Top of Source information

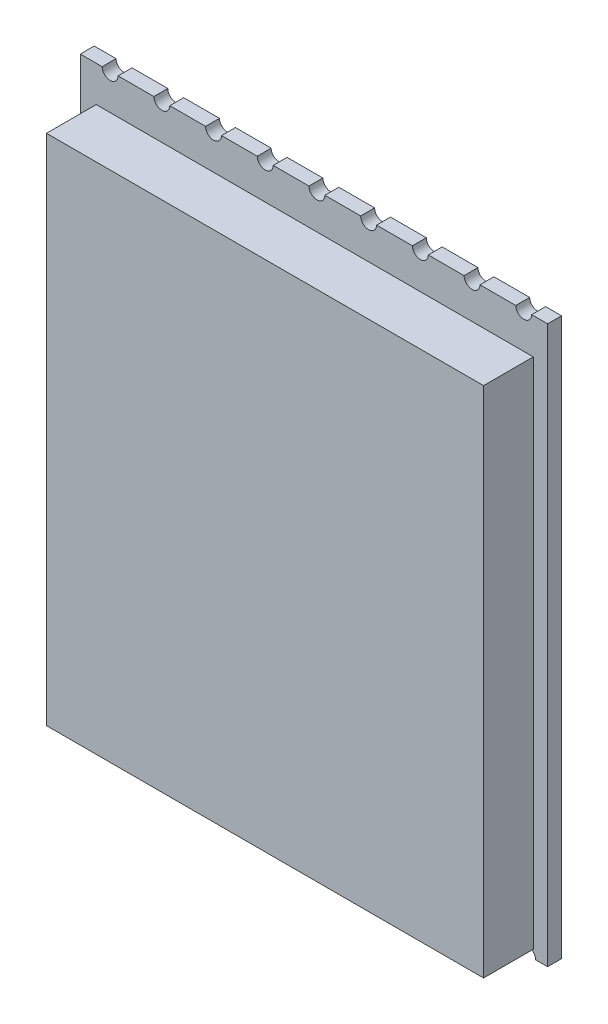
ISO-10303-21;
HEADER;
FILE_DESCRIPTION(('STEP AP214'),'2;1');
FILE_NAME('part.step','',(''),(''),'','','');
FILE_SCHEMA(('AUTOMOTIVE_DESIGN { 1 0 10303 214 1 1 1 1 }'));
ENDSEC;
DATA;
#1=APPLICATION_CONTEXT('core data for automotive mechanical design processes');
#2=APPLICATION_PROTOCOL_DEFINITION('international standard','automotive_design',2000,#1);
#3=PRODUCT_CONTEXT('',#1,'mechanical');
#4=PRODUCT('Part','Part','',(#3));
#5=PRODUCT_RELATED_PRODUCT_CATEGORY('part','',(#4));
#6=PRODUCT_DEFINITION_FORMATION('','',#4);
#7=PRODUCT_DEFINITION_CONTEXT('part definition',#1,'design');
#8=PRODUCT_DEFINITION('design','',#6,#7);
#9=PRODUCT_DEFINITION_SHAPE('','',#8);
#10=(LENGTH_UNIT() NAMED_UNIT(*) SI_UNIT(.MILLI.,.METRE.));
#11=(NAMED_UNIT(*) PLANE_ANGLE_UNIT() SI_UNIT($,.RADIAN.));
#12=(NAMED_UNIT(*) SI_UNIT($,.STERADIAN.) SOLID_ANGLE_UNIT());
#13=UNCERTAINTY_MEASURE_WITH_UNIT(LENGTH_MEASURE(1.E-05),#10,'distance_accuracy_value','');
#14=(GEOMETRIC_REPRESENTATION_CONTEXT(3) GLOBAL_UNCERTAINTY_ASSIGNED_CONTEXT((#13)) GLOBAL_UNIT_ASSIGNED_CONTEXT((#10,
#11,#12)) REPRESENTATION_CONTEXT('',''));
#15=CARTESIAN_POINT('',(0.,0.,0.));
#16=DIRECTION('',(0.,0.,1.));
#17=DIRECTION('',(1.,0.,0.));
#18=AXIS2_PLACEMENT_3D('',#15,#16,#17);
#19=CARTESIAN_POINT('',(0.,0.,3.2));
#20=DIRECTION('',(0.,0.,1.));
#21=DIRECTION('',(1.,0.,0.));
#22=AXIS2_PLACEMENT_3D('',#19,#20,#21);
#23=PLANE('',#22);
#24=DIRECTION('',(0.,-1.,0.));
#25=VECTOR('',#24,1.);
#26=CARTESIAN_POINT('',(22.78,26.2,3.2));
#27=LINE('',#26,#25);
#28=CARTESIAN_POINT('',(22.78,0.400000000000001,3.2));
#29=VERTEX_POINT('',#28);
#30=CARTESIAN_POINT('',(22.78,26.2,3.2));
#31=VERTEX_POINT('',#30);
#32=EDGE_CURVE('E561',#29,#31,#27,.F.);
#33=ORIENTED_EDGE('',*,*,#32,.T.);
#34=DIRECTION('',(1.,0.,0.));
#35=VECTOR('',#34,1.);
#36=CARTESIAN_POINT('',(0.8,26.2,3.2));
#37=LINE('',#36,#35);
#38=CARTESIAN_POINT('',(0.8,26.2,3.2));
#39=VERTEX_POINT('',#38);
#40=EDGE_CURVE('E550',#31,#39,#37,.F.);
#41=ORIENTED_EDGE('',*,*,#40,.T.);
#42=DIRECTION('',(0.,1.,0.));
#43=VECTOR('',#42,1.);
#44=CARTESIAN_POINT('',(0.8,26.2,3.2));
#45=LINE('',#44,#43);
#46=CARTESIAN_POINT('',(0.800000000000001,0.4,3.2));
#47=VERTEX_POINT('',#46);
#48=EDGE_CURVE('E538',#39,#47,#45,.F.);
#49=ORIENTED_EDGE('',*,*,#48,.T.);
#50=DIRECTION('',(-1.,0.,0.));
#51=VECTOR('',#50,1.);
#52=CARTESIAN_POINT('',(0.8,0.4,3.2));
#53=LINE('',#52,#51);
#54=EDGE_CURVE('E260',#47,#29,#53,.F.);
#55=ORIENTED_EDGE('',*,*,#54,.T.);
#56=EDGE_LOOP('',(#33,#41,#49,#55));
#57=FACE_BOUND('',#56,.T.);
#58=ADVANCED_FACE('F17',(#57),#23,.T.);
#59=CARTESIAN_POINT('',(22.78,26.2,3.2));
#60=DIRECTION('',(-1.,0.,0.));
#61=DIRECTION('',(0.,-1.,0.));
#62=AXIS2_PLACEMENT_3D('',#59,#60,#61);
#63=PLANE('',#62);
#64=DIRECTION('',(0.,0.,1.));
#65=VECTOR('',#64,1.);
#66=CARTESIAN_POINT('',(22.78,26.2,3.2));
#67=LINE('',#66,#65);
#68=CARTESIAN_POINT('',(22.78,26.2,0.7));
#69=VERTEX_POINT('',#68);
#70=EDGE_CURVE('E557',#69,#31,#67,.T.);
#71=ORIENTED_EDGE('',*,*,#70,.T.);
#72=ORIENTED_EDGE('',*,*,#32,.F.);
#73=DIRECTION('',(0.,0.,1.));
#74=VECTOR('',#73,1.);
#75=CARTESIAN_POINT('',(22.78,0.400000000000001,3.2));
#76=LINE('',#75,#74);
#77=CARTESIAN_POINT('',(22.78,0.4,0.7));
#78=VERTEX_POINT('',#77);
#79=EDGE_CURVE('E493',#29,#78,#76,.F.);
#80=ORIENTED_EDGE('',*,*,#79,.T.);
#81=DIRECTION('',(0.,1.,0.));
#82=VECTOR('',#81,1.);
#83=CARTESIAN_POINT('',(22.78,0.,0.7));
#84=LINE('',#83,#82);
#85=EDGE_CURVE('E488',#78,#69,#84,.T.);
#86=ORIENTED_EDGE('',*,*,#85,.T.);
#87=EDGE_LOOP('',(#71,#72,#80,#86));
#88=FACE_BOUND('',#87,.T.);
#89=ADVANCED_FACE('F875',(#88),#63,.F.);
#90=CARTESIAN_POINT('',(0.8,26.2,3.2));
#91=DIRECTION('',(0.,-1.,0.));
#92=DIRECTION('',(1.,0.,0.));
#93=AXIS2_PLACEMENT_3D('',#90,#91,#92);
#94=PLANE('',#93);
#95=DIRECTION('',(0.,0.,1.));
#96=VECTOR('',#95,1.);
#97=CARTESIAN_POINT('',(0.8,26.2,3.2));
#98=LINE('',#97,#96);
#99=CARTESIAN_POINT('',(0.8,26.2,0.7));
#100=VERTEX_POINT('',#99);
#101=EDGE_CURVE('E546',#100,#39,#98,.T.);
#102=ORIENTED_EDGE('',*,*,#101,.T.);
#103=ORIENTED_EDGE('',*,*,#40,.F.);
#104=ORIENTED_EDGE('',*,*,#70,.F.);
#105=DIRECTION('',(-1.,0.,0.));
#106=VECTOR('',#105,1.);
#107=CARTESIAN_POINT('',(0.,26.2,0.7));
#108=LINE('',#107,#106);
#109=EDGE_CURVE('E543',#69,#100,#108,.T.);
#110=ORIENTED_EDGE('',*,*,#109,.T.);
#111=EDGE_LOOP('',(#102,#103,#104,#110));
#112=FACE_BOUND('',#111,.T.);
#113=ADVANCED_FACE('F879',(#112),#94,.F.);
#114=CARTESIAN_POINT('',(0.8,26.2,3.2));
#115=DIRECTION('',(1.,0.,0.));
#116=DIRECTION('',(0.,1.,0.));
#117=AXIS2_PLACEMENT_3D('',#114,#115,#116);
#118=PLANE('',#117);
#119=DIRECTION('',(0.,0.,1.));
#120=VECTOR('',#119,1.);
#121=CARTESIAN_POINT('',(0.8,0.4,3.2));
#122=LINE('',#121,#120);
#123=CARTESIAN_POINT('',(0.8,0.4,0.7));
#124=VERTEX_POINT('',#123);
#125=EDGE_CURVE('E534',#124,#47,#122,.T.);
#126=ORIENTED_EDGE('',*,*,#125,.T.);
#127=ORIENTED_EDGE('',*,*,#48,.F.);
#128=ORIENTED_EDGE('',*,*,#101,.F.);
#129=DIRECTION('',(0.,1.,0.));
#130=VECTOR('',#129,1.);
#131=CARTESIAN_POINT('',(0.8,0.,0.7));
#132=LINE('',#131,#130);
#133=EDGE_CURVE('E481',#100,#124,#132,.F.);
#134=ORIENTED_EDGE('',*,*,#133,.T.);
#135=EDGE_LOOP('',(#126,#127,#128,#134));
#136=FACE_BOUND('',#135,.T.);
#137=ADVANCED_FACE('F871',(#136),#118,.F.);
#138=CARTESIAN_POINT('',(0.8,0.4,3.2));
#139=DIRECTION('',(0.,1.,0.));
#140=DIRECTION('',(-1.,0.,0.));
#141=AXIS2_PLACEMENT_3D('',#138,#139,#140);
#142=PLANE('',#141);
#143=DIRECTION('',(-1.,0.,0.));
#144=VECTOR('',#143,1.);
#145=CARTESIAN_POINT('',(0.,0.4,0.7));
#146=LINE('',#145,#144);
#147=CARTESIAN_POINT('',(17.3,0.4,0.7));
#148=VERTEX_POINT('',#147);
#149=CARTESIAN_POINT('',(19.9,0.4,0.7));
#150=VERTEX_POINT('',#149);
#151=EDGE_CURVE('E449',#148,#150,#146,.F.);
#152=ORIENTED_EDGE('',*,*,#151,.T.);
#153=DIRECTION('',(-1.,0.,0.));
#154=VECTOR('',#153,1.);
#155=CARTESIAN_POINT('',(0.,0.4,0.7));
#156=LINE('',#155,#154);
#157=CARTESIAN_POINT('',(22.5,0.4,0.7));
#158=VERTEX_POINT('',#157);
#159=EDGE_CURVE('E454',#150,#158,#156,.F.);
#160=ORIENTED_EDGE('',*,*,#159,.T.);
#161=DIRECTION('',(-1.,0.,0.));
#162=VECTOR('',#161,1.);
#163=CARTESIAN_POINT('',(0.,0.4,0.7));
#164=LINE('',#163,#162);
#165=EDGE_CURVE('E484',#158,#78,#164,.F.);
#166=ORIENTED_EDGE('',*,*,#165,.T.);
#167=ORIENTED_EDGE('',*,*,#79,.F.);
#168=ORIENTED_EDGE('',*,*,#54,.F.);
#169=ORIENTED_EDGE('',*,*,#125,.F.);
#170=DIRECTION('',(-1.,0.,0.));
#171=VECTOR('',#170,1.);
#172=CARTESIAN_POINT('',(0.,0.4,0.7));
#173=LINE('',#172,#171);
#174=EDGE_CURVE('E478',#124,#148,#173,.F.);
#175=ORIENTED_EDGE('',*,*,#174,.T.);
#176=EDGE_LOOP('',(#152,#160,#166,#167,#168,#169,#175));
#177=FACE_BOUND('',#176,.T.);
#178=ADVANCED_FACE('F679',(#177),#142,.F.);
#179=CARTESIAN_POINT('',(0.,0.,0.7));
#180=DIRECTION('',(0.,0.,-1.));
#181=DIRECTION('',(-1.,0.,0.));
#182=AXIS2_PLACEMENT_3D('',#179,#180,#181);
#183=PLANE('',#182);
#184=CARTESIAN_POINT('',(17.3,0.,0.7));
#185=DIRECTION('',(0.,0.,1.));
#186=DIRECTION('',(1.,0.,0.));
#187=AXIS2_PLACEMENT_3D('',#184,#185,#186);
#188=CIRCLE('',#187,0.4);
#189=CARTESIAN_POINT('',(16.9,0.,0.7));
#190=VERTEX_POINT('',#189);
#191=EDGE_CURVE('E453',#190,#148,#188,.F.);
#192=ORIENTED_EDGE('',*,*,#191,.T.);
#193=ORIENTED_EDGE('',*,*,#174,.F.);
#194=ORIENTED_EDGE('',*,*,#133,.F.);
#195=ORIENTED_EDGE('',*,*,#109,.F.);
#196=ORIENTED_EDGE('',*,*,#85,.F.);
#197=ORIENTED_EDGE('',*,*,#165,.F.);
#198=CARTESIAN_POINT('',(22.5,0.,0.7));
#199=DIRECTION('',(0.,0.,1.));
#200=DIRECTION('',(1.,0.,0.));
#201=AXIS2_PLACEMENT_3D('',#198,#199,#200);
#202=CIRCLE('',#201,0.4);
#203=CARTESIAN_POINT('',(22.9,0.,0.7));
#204=VERTEX_POINT('',#203);
#205=EDGE_CURVE('E20',#204,#158,#202,.T.);
#206=ORIENTED_EDGE('',*,*,#205,.F.);
#207=DIRECTION('',(-1.,0.,0.));
#208=VECTOR('',#207,1.);
#209=CARTESIAN_POINT('',(0.,0.,0.7));
#210=LINE('',#209,#208);
#211=CARTESIAN_POINT('',(23.5,0.,0.7));
#212=VERTEX_POINT('',#211);
#213=EDGE_CURVE('E248',#212,#204,#210,.T.);
#214=ORIENTED_EDGE('',*,*,#213,.F.);
#215=DIRECTION('',(0.,1.,0.));
#216=VECTOR('',#215,1.);
#217=CARTESIAN_POINT('',(23.5,0.,0.7));
#218=LINE('',#217,#216);
#219=CARTESIAN_POINT('',(23.5,28.,0.7));
#220=VERTEX_POINT('',#219);
#221=EDGE_CURVE('E317',#212,#220,#218,.T.);
#222=ORIENTED_EDGE('',*,*,#221,.T.);
#223=DIRECTION('',(1.,0.,0.));
#224=VECTOR('',#223,1.);
#225=CARTESIAN_POINT('',(0.,28.,0.7));
#226=LINE('',#225,#224);
#227=CARTESIAN_POINT('',(22.7,28.,0.7));
#228=VERTEX_POINT('',#227);
#229=EDGE_CURVE('E356',#220,#228,#226,.F.);
#230=ORIENTED_EDGE('',*,*,#229,.T.);
#231=CARTESIAN_POINT('',(22.3,28.,0.7));
#232=DIRECTION('',(0.,0.,1.));
#233=DIRECTION('',(1.,0.,0.));
#234=AXIS2_PLACEMENT_3D('',#231,#232,#233);
#235=CIRCLE('',#234,0.4);
#236=CARTESIAN_POINT('',(21.9,28.,0.7));
#237=VERTEX_POINT('',#236);
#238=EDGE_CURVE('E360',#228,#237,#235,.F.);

Bottom of Source information

• **Directions**
Within the material above, transcribe exactly the lines that run from the line holding "#163=CARTESIAN_POINT('',(0.,0.4,0.7));" through the line holding "#175=ORIENTED_EDGE('',*,*,#174,.T.);".

• **Finished exercise**
#163=CARTESIAN_POINT('',(0.,0.4,0.7));
#164=LINE('',#163,#162);
#165=EDGE_CURVE('E484',#158,#78,#164,.F.);
#166=ORIENTED_EDGE('',*,*,#165,.T.);
#167=ORIENTED_EDGE('',*,*,#79,.F.);
#168=ORIENTED_EDGE('',*,*,#54,.F.);
#169=ORIENTED_EDGE('',*,*,#125,.F.);
#170=DIRECTION('',(-1.,0.,0.));
#171=VECTOR('',#170,1.);
#172=CARTESIAN_POINT('',(0.,0.4,0.7));
#173=LINE('',#172,#171);
#174=EDGE_CURVE('E478',#124,#148,#173,.F.);
#175=ORIENTED_EDGE('',*,*,#174,.T.);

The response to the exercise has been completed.